Since `sin^2x+cos^2x=1`:

`=(1-sinx)/(1-sinx)^2`

`=1/(1-sinx)`

Answer 2

Mason has given a fine answer, here's a bit of a tricky one.

Explanation:

One of the Pythagorean trigonometric identities is

`tan^2 x + 1 = sec^2 x`

Which also gets us `sec^2 x - tan^2 x = 1`. And factoring the difference of squares on the left:

`(secx-tanx)(sec x +tan x)`

(The is the same bit of algebra we use to rationalize fractions involving `sqrta - b`. In this case applied to trigonometry.)

`1/((sec x - tan x )) * ((sec x + tan x))/((secx + tan x)) = secx + tanx`.

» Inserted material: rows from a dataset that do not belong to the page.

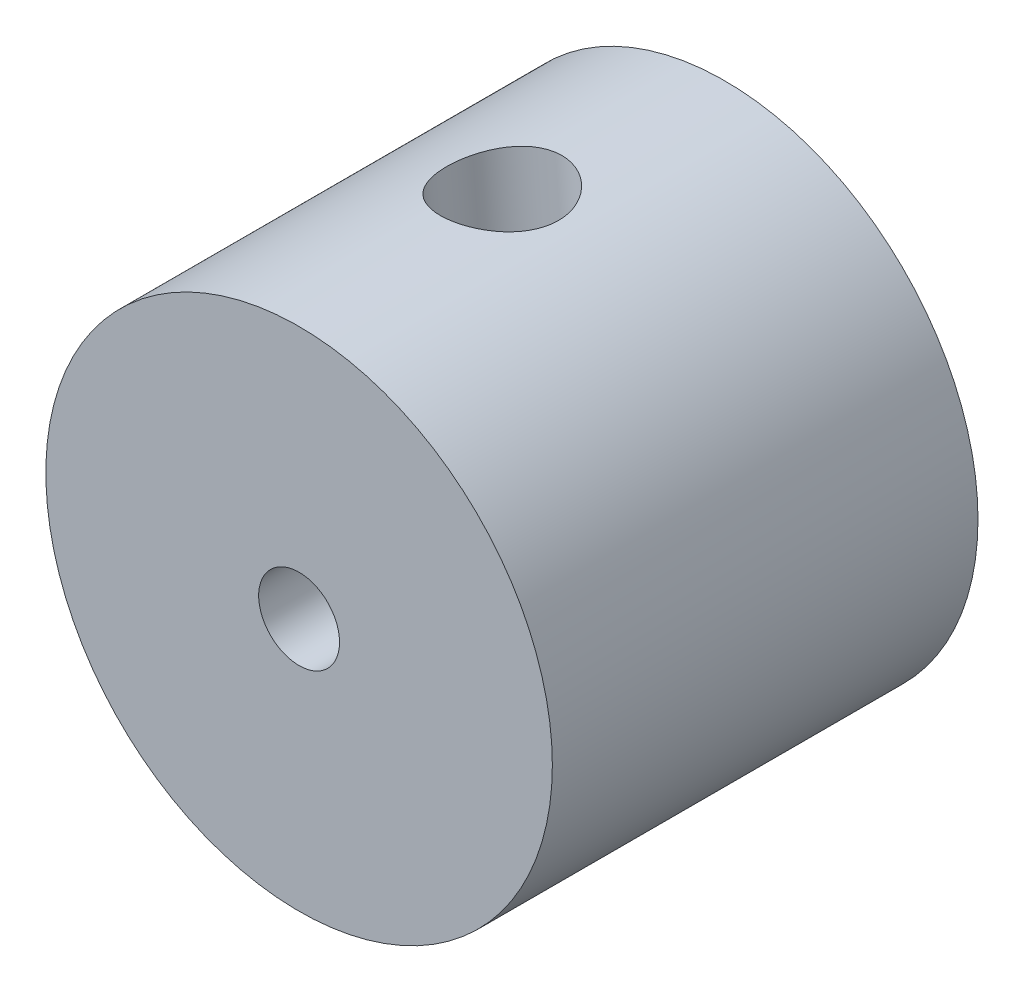
ISO-10303-21;
HEADER;
FILE_DESCRIPTION(('STEP AP214'),'2;1');
FILE_NAME('part.step','',(''),(''),'','','');
FILE_SCHEMA(('AUTOMOTIVE_DESIGN { 1 0 10303 214 1 1 1 1 }'));
ENDSEC;
DATA;
#1=APPLICATION_CONTEXT('core data for automotive mechanical design processes');
#2=APPLICATION_PROTOCOL_DEFINITION('international standard','automotive_design',2000,#1);
#3=PRODUCT_CONTEXT('',#1,'mechanical');
#4=PRODUCT('Part','Part','',(#3));
#5=PRODUCT_RELATED_PRODUCT_CATEGORY('part','',(#4));
#6=PRODUCT_DEFINITION_FORMATION('','',#4);
#7=PRODUCT_DEFINITION_CONTEXT('part definition',#1,'design');
#8=PRODUCT_DEFINITION('design','',#6,#7);
#9=PRODUCT_DEFINITION_SHAPE('','',#8);
#10=(LENGTH_UNIT() NAMED_UNIT(*) SI_UNIT(.MILLI.,.METRE.));
#11=(NAMED_UNIT(*) PLANE_ANGLE_UNIT() SI_UNIT($,.RADIAN.));
#12=(NAMED_UNIT(*) SI_UNIT($,.STERADIAN.) SOLID_ANGLE_UNIT());
#13=UNCERTAINTY_MEASURE_WITH_UNIT(LENGTH_MEASURE(1.E-05),#10,'distance_accuracy_value','');
#14=(GEOMETRIC_REPRESENTATION_CONTEXT(3) GLOBAL_UNCERTAINTY_ASSIGNED_CONTEXT((#13)) GLOBAL_UNIT_ASSIGNED_CONTEXT((#10,
#11,#12)) REPRESENTATION_CONTEXT('',''));
#15=CARTESIAN_POINT('',(0.,0.,0.));
#16=DIRECTION('',(0.,0.,1.));
#17=DIRECTION('',(1.,0.,0.));
#18=AXIS2_PLACEMENT_3D('',#15,#16,#17);
#19=CARTESIAN_POINT('',(-101.724686529122,42.0830003924011,0.));
#20=DIRECTION('',(0.,0.,1.));
#21=DIRECTION('',(1.,0.,0.));
#22=AXIS2_PLACEMENT_3D('',#19,#20,#21);
#23=CYLINDRICAL_SURFACE('',#22,0.950000000000001);
#24=CARTESIAN_POINT('',(-100.774686529122,42.0830003924011,3.81582903150164));
#25=CARTESIAN_POINT('',(-100.774690590628,42.1251501131702,3.81943106784858));
#26=CARTESIAN_POINT('',(-100.777521148495,42.1676200712224,3.82018587258182));
#27=CARTESIAN_POINT('',(-100.788791079742,42.2515248182766,3.81581107943095));
#28=CARTESIAN_POINT('',(-100.797240846311,42.292957541203,3.81067056487929));
#29=CARTESIAN_POINT('',(-100.81911578574,42.3730941051948,3.79554787094767));
#30=CARTESIAN_POINT('',(-100.832495480309,42.4118191560255,3.78560969756203));
#31=CARTESIAN_POINT('',(-100.863621404896,42.4863652127129,3.76231851410442));
#32=CARTESIAN_POINT('',(-100.881372579375,42.5221828686734,3.74896163655258));
#33=CARTESIAN_POINT('',(-100.929437269046,42.6058031634875,3.71383825704178));
#34=CARTESIAN_POINT('',(-100.961840465672,42.6519377470104,3.69095863685849));
#35=CARTESIAN_POINT('',(-101.033889734659,42.7375508612524,3.6440690273598));
#36=CARTESIAN_POINT('',(-101.073547970446,42.777017996663,3.62005719077712));
#37=CARTESIAN_POINT('',(-101.160157211153,42.8491718166784,3.57309553464666));
#38=CARTESIAN_POINT('',(-101.207189180456,42.8817724724107,3.55016170107719));
#39=CARTESIAN_POINT('',(-101.307565422596,42.9384617933731,3.50798985843216));
#40=CARTESIAN_POINT('',(-101.360894802986,42.9625700242422,3.48874340136334));
#41=CARTESIAN_POINT('',(-101.458850936468,42.9961330137317,3.46011477162454));
#42=CARTESIAN_POINT('',(-101.502374313667,43.0077362602125,3.44947034091687));
#43=CARTESIAN_POINT('',(-101.591413173935,43.0246939790753,3.43229909590482));
#44=CARTESIAN_POINT('',(-101.636927208369,43.0300529195523,3.42576933889595));
#45=CARTESIAN_POINT('',(-101.728864278198,43.0341085918336,3.41738606206748));
#46=CARTESIAN_POINT('',(-101.775290063706,43.0327804840429,3.4155500155358));
#47=CARTESIAN_POINT('',(-101.867385453225,43.0233616075015,3.41678192200015));
#48=CARTESIAN_POINT('',(-101.91305503913,43.0152706770671,3.41984999224405));
#49=CARTESIAN_POINT('',(-101.999598781118,42.9933851932887,3.4302806553691));
#50=CARTESIAN_POINT('',(-102.040597295999,42.9799505213036,3.43738254756209));
#51=CARTESIAN_POINT('',(-102.119740564586,42.9480176441543,3.45512231417378));
#52=CARTESIAN_POINT('',(-102.157884741451,42.9295184189801,3.46576090098172));
#53=CARTESIAN_POINT('',(-102.233639074681,42.8864409982862,3.49083233766431));
#54=CARTESIAN_POINT('',(-102.270959149442,42.8614933674629,3.50550165668136));
#55=CARTESIAN_POINT('',(-102.341141193315,42.8071934342843,3.53715417263129));
#56=CARTESIAN_POINT('',(-102.374000179885,42.7778382124995,3.55413890251718));
#57=CARTESIAN_POINT('',(-102.440525660233,42.7096844280217,3.59257595975505));
#58=CARTESIAN_POINT('',(-102.47327753289,42.67013670248,3.61428284336614));
#59=CARTESIAN_POINT('',(-102.532044929159,42.5862866870009,3.6577414155167));
#60=CARTESIAN_POINT('',(-102.558055140557,42.541980686337,3.67949312585803));
#61=CARTESIAN_POINT('',(-102.600301935685,42.4543268003086,3.71849703562786));
#62=CARTESIAN_POINT('',(-102.617320692432,42.4114600498636,3.73597871306606));
#63=CARTESIAN_POINT('',(-102.645166141163,42.3225358695937,3.76737291899756));
#64=CARTESIAN_POINT('',(-102.656005604297,42.2764852427362,3.78129277585908));
#65=CARTESIAN_POINT('',(-102.669184866277,42.1918579396648,3.80101942494764));
#66=CARTESIAN_POINT('',(-102.67283272023,42.1537460184548,3.8079167524934));
#67=CARTESIAN_POINT('',(-102.675442726081,42.076828232475,3.8171101195307));
#68=CARTESIAN_POINT('',(-102.674411322462,42.0380233953919,3.8194124811218));
#69=CARTESIAN_POINT('',(-102.667593308135,41.9608076128348,3.81903916359331));
#70=CARTESIAN_POINT('',(-102.661800422861,41.922397254858,3.81635690998237));
#71=CARTESIAN_POINT('',(-102.645741509669,41.8471083232737,3.80645165092301));
#72=CARTESIAN_POINT('',(-102.63546858025,41.8102322095614,3.79922163201662));
#73=CARTESIAN_POINT('',(-102.607237462359,41.7280052308241,3.77851670298021));
#74=CARTESIAN_POINT('',(-102.587896686496,41.6834450464489,3.76381704923519));
#75=CARTESIAN_POINT('',(-102.543417399202,41.5987715964862,3.73086654423297));
#76=CARTESIAN_POINT('',(-102.518269375775,41.5586657883384,3.7126098745045));
#77=CARTESIAN_POINT('',(-102.462008584022,41.4820209229661,3.67403726558315));
#78=CARTESIAN_POINT('',(-102.430750223304,41.445611013457,3.65367836968827));
#79=CARTESIAN_POINT('',(-102.363092722419,41.3778545866823,3.61304209849248));
#80=CARTESIAN_POINT('',(-102.326691233478,41.3465103969403,3.59276476481531));
#81=CARTESIAN_POINT('',(-102.2410141036,41.2834464504577,3.54973204293052));
#82=CARTESIAN_POINT('',(-102.190629817492,41.2529716811784,3.52732302610619));
#83=CARTESIAN_POINT('',(-102.08357891009,41.2014081794574,3.48718048918752));
#84=CARTESIAN_POINT('',(-102.026924189407,41.1803020354328,3.46943832098459));
#85=CARTESIAN_POINT('',(-101.925603326723,41.153452664373,3.44486171584237));
#86=CARTESIAN_POINT('',(-101.882036221604,41.1450600253032,3.43636341571306));
#87=CARTESIAN_POINT('',(-101.793556137511,41.1344559764775,3.42359076740122));
#88=CARTESIAN_POINT('',(-101.748644372919,41.1322391498837,3.4193127197419));
#89=CARTESIAN_POINT('',(-101.658650733092,41.134227624368,3.41534839472862));
#90=CARTESIAN_POINT('',(-101.613568704282,41.1384477249191,3.41567271315909));
#91=CARTESIAN_POINT('',(-101.524719159249,41.1531929018288,3.42090843845497));
#92=CARTESIAN_POINT('',(-101.480951988115,41.1637196184622,3.42582103886304));
#93=CARTESIAN_POINT('',(-101.397204755754,41.1901792156551,3.43959766112659));
#94=CARTESIAN_POINT('',(-101.357151443098,41.2059453318082,3.44834216283184));
#95=CARTESIAN_POINT('',(-101.280231248486,41.2423035368944,3.4691019258181));
#96=CARTESIAN_POINT('',(-101.243365015247,41.2628966051823,3.481117850928));
#97=CARTESIAN_POINT('',(-101.169478021901,41.3107391107951,3.50911153398412));
#98=CARTESIAN_POINT('',(-101.132880653913,41.3384700361484,3.52537874844605));
#99=CARTESIAN_POINT('',(-101.064537373007,41.3983321602146,3.55991217883494));
#100=CARTESIAN_POINT('',(-101.032796042788,41.4304674618393,3.57818025544673));
#101=CARTESIAN_POINT('',(-100.968925690006,41.5049333776663,3.61905795570863));
#102=CARTESIAN_POINT('',(-100.937822233647,41.5480486357805,3.64184320057471));
#103=CARTESIAN_POINT('',(-100.883021196804,41.6392329597678,3.68653889010686));
#104=CARTESIAN_POINT('',(-100.859326845356,41.6873041734432,3.70844894973143));
#105=CARTESIAN_POINT('',(-100.824179605961,41.7773793147618,3.74443385963577));
#106=CARTESIAN_POINT('',(-100.811197239429,41.818514138024,3.75918556905784));
#107=CARTESIAN_POINT('',(-100.790839924944,41.9032454918959,3.78474563784491));
#108=CARTESIAN_POINT('',(-100.783442387884,41.9468313311289,3.79556978975154));
#109=CARTESIAN_POINT('',(-100.777662095367,42.0063353084922,3.80630430916893));
#110=CARTESIAN_POINT('',(-100.776550755503,42.021576412203,3.8087082121724));
#111=CARTESIAN_POINT('',(-100.775061991886,42.0521974604746,3.81281179516606));
#112=CARTESIAN_POINT('',(-100.774685042986,42.0675774884114,3.81451101895653));
#113=CARTESIAN_POINT('',(-100.774686529122,42.0830003924011,3.81582903150164));
#114=B_SPLINE_CURVE_WITH_KNOTS('',3,(#24,#25,#26,#27,#28,#29,#30,#31,#32,#33,#34,#35,#36,#37,
#38,#39,#40,#41,#42,#43,#44,#45,#46,#47,#48,#49,#50,#51,#52,#53,#54,#55,#56,#57,#58,#59,#60,#61,
#62,#63,#64,#65,#66,#67,#68,#69,#70,#71,#72,#73,#74,#75,#76,#77,#78,#79,#80,#81,#82,#83,#84,#85,
#86,#87,#88,#89,#90,#91,#92,#93,#94,#95,#96,#97,#98,#99,#100,#101,#102,#103,#104,#105,#106,#107,
#108,#109,#110,#111,#112,#113),.UNSPECIFIED.,.T.,.F.,(4,2,2,2,2,2,2,2,2,2,2,2,2,2,2,2,2,2,2,2,2,
2,2,2,2,2,2,2,2,2,2,2,2,2,2,2,2,2,2,2,2,2,2,2,4),(0.,0.126834565959049,0.253904377794771,
0.379830184581281,0.505899082083183,0.687484404541212,0.869377001090433,1.05342828858443,
1.23705272479122,1.37532866363979,1.51350559866682,1.65219618118802,1.79089007958035,
1.92150104577205,2.05213833662383,2.19329015130322,2.33453587570216,2.50114605226263,
2.66788711594665,2.81535621692178,2.96251941846731,3.07873558868345,3.19479174941807,
3.31100109185025,3.42739009050359,3.57881699415329,3.73049370961898,3.88636075269602,
4.04229920894432,4.23026422906981,4.41787843856166,4.55282683637982,4.68765683292341,
4.82279729170881,4.95797291416565,5.08920300429009,5.22045974316217,5.36606051561412,
5.51179785671386,5.68463664998522,5.85755066520237,5.99386911550267,6.12963319655031,
6.17601295172733,6.22242268582923),.UNSPECIFIED.);
#115=CARTESIAN_POINT('',(-100.774686529122,42.0830003924011,3.81582903150164));
#116=VERTEX_POINT('',#115);
#117=EDGE_CURVE('E43',#116,#116,#114,.T.);
#118=ORIENTED_EDGE('',*,*,#117,.T.);
#119=EDGE_LOOP('',(#118));
#120=FACE_BOUND('',#119,.T.);
#121=CARTESIAN_POINT('',(-101.724686529122,42.0830003924011,0.));
#122=DIRECTION('',(0.,0.,1.));
#123=DIRECTION('',(1.,0.,0.));
#124=AXIS2_PLACEMENT_3D('',#121,#122,#123);
#125=CIRCLE('',#124,0.950000000000001);
#126=CARTESIAN_POINT('',(-100.774686529122,42.0830003924011,0.));
#127=VERTEX_POINT('',#126);
#128=EDGE_CURVE('E57',#127,#127,#125,.T.);
#129=ORIENTED_EDGE('',*,*,#128,.F.);
#130=EDGE_LOOP('',(#129));
#131=FACE_BOUND('',#130,.T.);
#132=ADVANCED_FACE('F38',(#120,#131),#23,.F.);
#133=CARTESIAN_POINT('',(-101.724686529122,42.0830003924011,10.));
#134=DIRECTION('',(0.,0.,-1.));
#135=DIRECTION('',(-1.,0.,0.));
#136=AXIS2_PLACEMENT_3D('',#133,#134,#135);
#137=CYLINDRICAL_SURFACE('',#136,5.94999999999999);
#138=CARTESIAN_POINT('',(-100.891860913017,47.9744264925198,4.73684906850577));
#139=CARTESIAN_POINT('',(-100.891863507369,47.9744277595857,4.81005151140747));
#140=CARTESIAN_POINT('',(-100.898062704026,47.9753134150958,4.88328351213676));
#141=CARTESIAN_POINT('',(-100.922657484656,47.9787105212977,5.02766292968108));
#142=CARTESIAN_POINT('',(-100.941061715574,47.9812231246093,5.09880883120675));
#143=CARTESIAN_POINT('',(-100.989428044573,47.9874465760178,5.2369066915101));
#144=CARTESIAN_POINT('',(-101.019377242851,47.9911560859962,5.30386323456962));
#145=CARTESIAN_POINT('',(-101.08990303656,47.9991481178258,5.43187284663784));
#146=CARTESIAN_POINT('',(-101.130479480326,48.0034306314991,5.49292599987778));
#147=CARTESIAN_POINT('',(-101.221807264878,48.0118908912762,5.60845848932115));
#148=CARTESIAN_POINT('',(-101.272707716022,48.0160659539416,5.66282017174686));
#149=CARTESIAN_POINT('',(-101.382852459327,48.0234288872868,5.76239557507941));
#150=CARTESIAN_POINT('',(-101.442097411589,48.0266166798037,5.80760857157966));
#151=CARTESIAN_POINT('',(-101.567989080201,48.0312732584628,5.888070144961));
#152=CARTESIAN_POINT('',(-101.634709111451,48.0327230238927,5.92320532069234));
#153=CARTESIAN_POINT('',(-101.773108986964,48.0332052055668,5.98177986887472));
#154=CARTESIAN_POINT('',(-101.84478825658,48.0322379014324,6.00522059383443));
#155=CARTESIAN_POINT('',(-101.989811564912,48.0275260302917,6.03937013143669));
#156=CARTESIAN_POINT('',(-102.063110125938,48.0238264950248,6.05027813782658));
#157=CARTESIAN_POINT('',(-102.210300557901,48.0136089963447,6.05967563808762));
#158=CARTESIAN_POINT('',(-102.284192357987,48.0070913647197,6.05816659350172));
#159=CARTESIAN_POINT('',(-102.429107515623,47.9915967958284,6.04292068411239));
#160=CARTESIAN_POINT('',(-102.500158448069,47.9826649548474,6.0293985534952));
#161=CARTESIAN_POINT('',(-102.638769313416,47.9627842425787,5.99085279225514));
#162=CARTESIAN_POINT('',(-102.706329085239,47.9518352783298,5.96582863147107));
#163=CARTESIAN_POINT('',(-102.836661551408,47.9285483646309,5.90480082946176));
#164=CARTESIAN_POINT('',(-102.899394562374,47.9162006178814,5.86871628619455));
#165=CARTESIAN_POINT('',(-103.017921317921,47.8910740761539,5.78665244938836));
#166=CARTESIAN_POINT('',(-103.07371408905,47.8782952210266,5.74067177025954));
#167=CARTESIAN_POINT('',(-103.178087575063,47.8530155646079,5.6389535257928));
#168=CARTESIAN_POINT('',(-103.226488176351,47.8405265851903,5.58302803811449));
#169=CARTESIAN_POINT('',(-103.313346108912,47.8171690009473,5.46362063059234));
#170=CARTESIAN_POINT('',(-103.351803154041,47.806300442756,5.40013849337011));
#171=CARTESIAN_POINT('',(-103.417818783722,47.7871211982992,5.26712198293465));
#172=CARTESIAN_POINT('',(-103.445342909704,47.7788186174912,5.19756930356998));
#173=CARTESIAN_POINT('',(-103.488490299563,47.7656063758217,5.05456127430185));
#174=CARTESIAN_POINT('',(-103.504115514105,47.7606961588402,4.98110656619663));
#175=CARTESIAN_POINT('',(-103.522772751964,47.7548149651632,4.83403107376751));
#176=CARTESIAN_POINT('',(-103.526062143235,47.7537634918544,4.76044611657111));
#177=CARTESIAN_POINT('',(-103.520657447249,47.7554774802773,4.61376654507161));
#178=CARTESIAN_POINT('',(-103.511964209955,47.7582426712818,4.54067189635904));
#179=CARTESIAN_POINT('',(-103.483049926903,47.7672664426797,4.39797011910004));
#180=CARTESIAN_POINT('',(-103.462971532851,47.7734817742089,4.32833121819974));
#181=CARTESIAN_POINT('',(-103.411980420845,47.7888082854767,4.19348118176271));
#182=CARTESIAN_POINT('',(-103.381066640398,47.7979197491949,4.12827048119336));
#183=CARTESIAN_POINT('',(-103.308672374323,47.8184097929111,4.00299135541879));
#184=CARTESIAN_POINT('',(-103.267032477575,47.8298219547725,3.94302058845529));
#185=CARTESIAN_POINT('',(-103.174518155789,47.8538553908339,3.83095648707496));
#186=CARTESIAN_POINT('',(-103.12364254782,47.8664768198217,3.77886416331527));
#187=CARTESIAN_POINT('',(-103.012870124571,47.8921630789615,3.68300976973398));
#188=CARTESIAN_POINT('',(-102.952818481304,47.9052317674231,3.6394273934543));
#189=CARTESIAN_POINT('',(-102.826014004396,47.9305427417425,3.56311700268554));
#190=CARTESIAN_POINT('',(-102.759261488792,47.9427850667752,3.53038847336768));
#191=CARTESIAN_POINT('',(-102.621325853411,47.9654647214771,3.47696289364082));
#192=CARTESIAN_POINT('',(-102.550174656856,47.9759133607018,3.45618835608036));
#193=CARTESIAN_POINT('',(-102.405081249218,47.9944220877165,3.42701925166209));
#194=CARTESIAN_POINT('',(-102.33113945842,48.0024825335823,3.41862282813015));
#195=CARTESIAN_POINT('',(-102.18424775916,48.0156748594954,3.41453386540404));
#196=CARTESIAN_POINT('',(-102.111310477556,48.0208657084977,3.41857336082946));
#197=CARTESIAN_POINT('',(-101.966961448507,48.0285052301886,3.43864077439696));
#198=CARTESIAN_POINT('',(-101.895549672051,48.0309539550723,3.45466846433869));
#199=CARTESIAN_POINT('',(-101.75651752768,48.0333204486196,3.49812727165742));
#200=CARTESIAN_POINT('',(-101.688885067609,48.0332468146795,3.5255193384525));
#201=CARTESIAN_POINT('',(-101.558985270854,48.0310478249719,3.59089165905028));
#202=CARTESIAN_POINT('',(-101.49671847246,48.0289222636123,3.62887297356808));
#203=CARTESIAN_POINT('',(-101.378052653551,48.0231979093007,3.71521384967846));
#204=CARTESIAN_POINT('',(-101.321791619772,48.0195712153298,3.76376122469022));
#205=CARTESIAN_POINT('',(-101.218088967807,48.0116233499814,3.86947866866491));
#206=CARTESIAN_POINT('',(-101.170649487357,48.0073020107417,3.92665082161358));
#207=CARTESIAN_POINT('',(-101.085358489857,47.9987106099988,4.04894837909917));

Now use the differentiation rulles for these trig functions to get

`d/dx(1/(sec x - tan x)) = secx tan x + sec^2 x`

Comparing answers:

`secx tan x + sec^2 x = 1/cos x sinx/cosx + 1/cos^2 x`

`= (sinx + 1)/cos^2 x`

`= (1+sinx)/(1-sin^2 x)`

`= 1/(1-sinx)`